Most people think orthodontics is orthodontics—that straightening teeth is a standardised process regardless of who performs it. They assume the dentist offering Invisalign in their local practice possesses the same expertise as someone who’s completed years of additional specialist training. It’s an understandable misconception, but one that can lead to disappointing results, prolonged treatment, or even complications when cases prove more complex than initially recognised.

Perhaps you’ve already started orthodontic treatment elsewhere and been told your case is “more complicated than expected.” Or maybe you’ve consulted with a general dentist who seemed uncertain about whether they could achieve the results you’re hoping for. You might have bite problems alongside crooked teeth, missing teeth that need replacing, or skeletal issues affecting your jaw relationship. These scenarios move beyond standard orthodontics into territory that requires specialist expertise.

At Hale Dental and Implant Clinic in Altrincham, Maria McNally is a Registered Specialist in Orthodontics—a designation that carries specific meaning under General Dental Council regulations. She holds a Master’s in Orthodontics (MOrth), an MPhil, and serves as an Orthodontic Therapy Examiner for the Royal College of Surgeons. She’s won National and European Aesthetic Dentistry Awards, and she trains other dental professionals. When cases involve skeletal discrepancies, jaw surgery coordination, or the need to integrate orthodontics with implants and restorative work, Maria is the “heavy lifter” other dentists refer to.

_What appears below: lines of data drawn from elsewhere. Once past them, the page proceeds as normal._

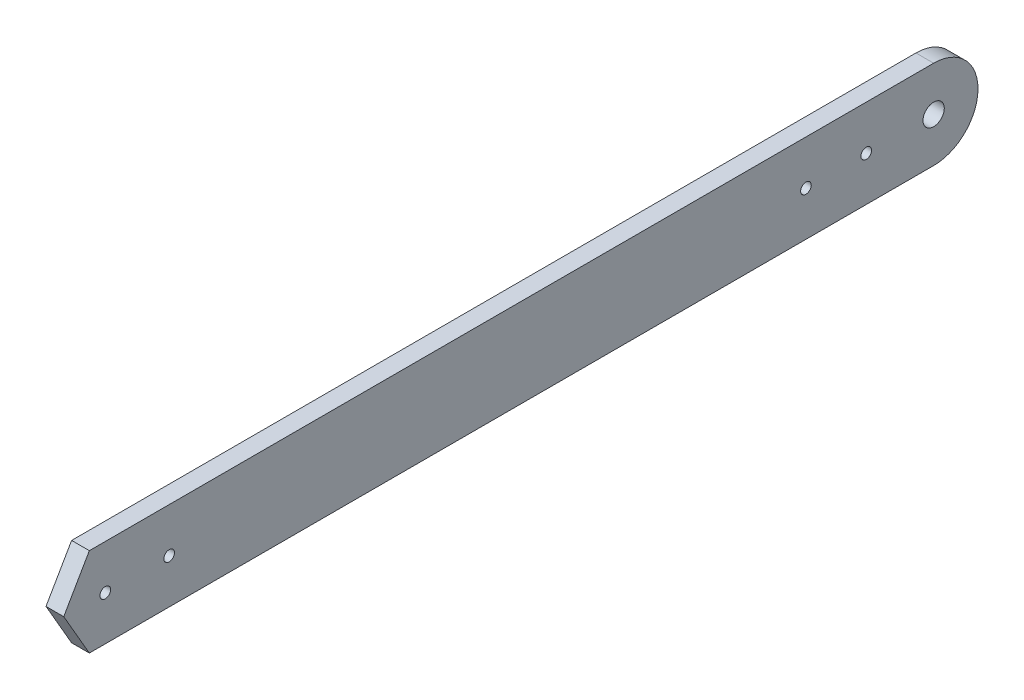
SolidWorks part; units mm, degrees
ref_plane "Front Plane" through (0, 0, 0) normal (0, 0, 1) x (1, 0, 0)
ref_plane "Top Plane" through (0, 0, 0) normal (0, 1, 0) x (1, 0, 0)
ref_plane "Right Plane" through (0, 0, 0) normal (1, 0, 0) x (0, 0, -1)
sketch "Sketch1" plane through (0, 0, 0) normal (0, 0, 1) x (1, 0, 0)
  line L1 (-2.5, -12.5) -> (2.5, -12.5)
  line L2 (-2.5, -12.5) -> (-2.5, 12.5)
  line L3 (-2.5, 12.5) -> (2.5, 12.5)
  line L4 (2.5, -12.5) -> (2.5, 12.5)
  line L5 (-2.5, -12.5) -> (2.5, 12.5) construction
  line L6 (-2.5, 12.5) -> (2.5, -12.5) construction
  point P0 (0, 0)
  dimension "D2" = 5
  dimension "D3" = 25
extrude "Boss-Extrude1" add sketch "Sketch1" along normal blind 258.5
sketch "Sketch2" plane through (2.5, 0, 0) normal (1, 0, 0) x (0, 0, -1)
  line L0 (-258.5, 0) -> (0, 0) construction
  line L1 (-258.5, -12.5) -> (-258.5, 12.5) construction
  line L2 (0, -12.5) -> (0, 12.5) construction
  line L3 (-12.5, 12.5) -> (5.5, 12.5)
  line L4 (5.5, 12.5) -> (5.5, -12.5)
  line L5 (5.5, -12.5) -> (-12.5, -12.5)
  line L9 (-257.7169, 0) -> (-250.5, 12.5)
  line L10 (-258.5, 12.5) -> (0, 12.5) construction
  line L11 (-250.5, 12.5) -> (-258.5, 12.5)
  line L12 (-258.5, 12.5) -> (-258.5, -12.5)
  line L13 (-258.5, -12.5) -> (-250.5, -12.5)
  line L14 (-258.5, -12.5) -> (0, -12.5) construction
  line L15 (-250.5, -12.5) -> (-257.7169, 0)
  circle A0 centre (-12.5, 0) radius 3
  circle A1 centre (-246, 0) radius 1.5
  circle A2 centre (-228, 0) radius 1.5
  arc A3 (-12.5, -12.5) -> (-12.5, 12.5) centre (-12.5, 0) ccw
  circle A5 centre (-48.5, 0) radius 1.5
  circle A6 centre (-31.5, 0) radius 1.5
  point P23 (-136.7058, 0)
  dimension "D1" = 6
  dimension "D2" = 12.5
  dimension "D4" = 3
  dimension "D5" = 18
  dimension "D7" = 120
  dimension "D8" = 19
  dimension "D9" = 17
  dimension "D3" = 12.5
  dimension "D6" = 18
  dimension "D10" = 4.5
extrude "Cut-Extrude1" cut sketch "Sketch2" against normal through all

Understanding when you need a specialist orthodontist in Cheshire isn’t about dismissing general dentists—many provide excellent orthodontic care for straightforward cases. It’s about recognising when complexity demands the additional years of training, interdisciplinary coordination skills, and problem-solving experience that only specialist education provides.

What Makes a Case “Complex” in Orthodontics?

The line between routine and complex orthodontics isn’t always obvious to patients. Crooked teeth might seem like a simple problem, but the underlying causes and treatment requirements vary enormously.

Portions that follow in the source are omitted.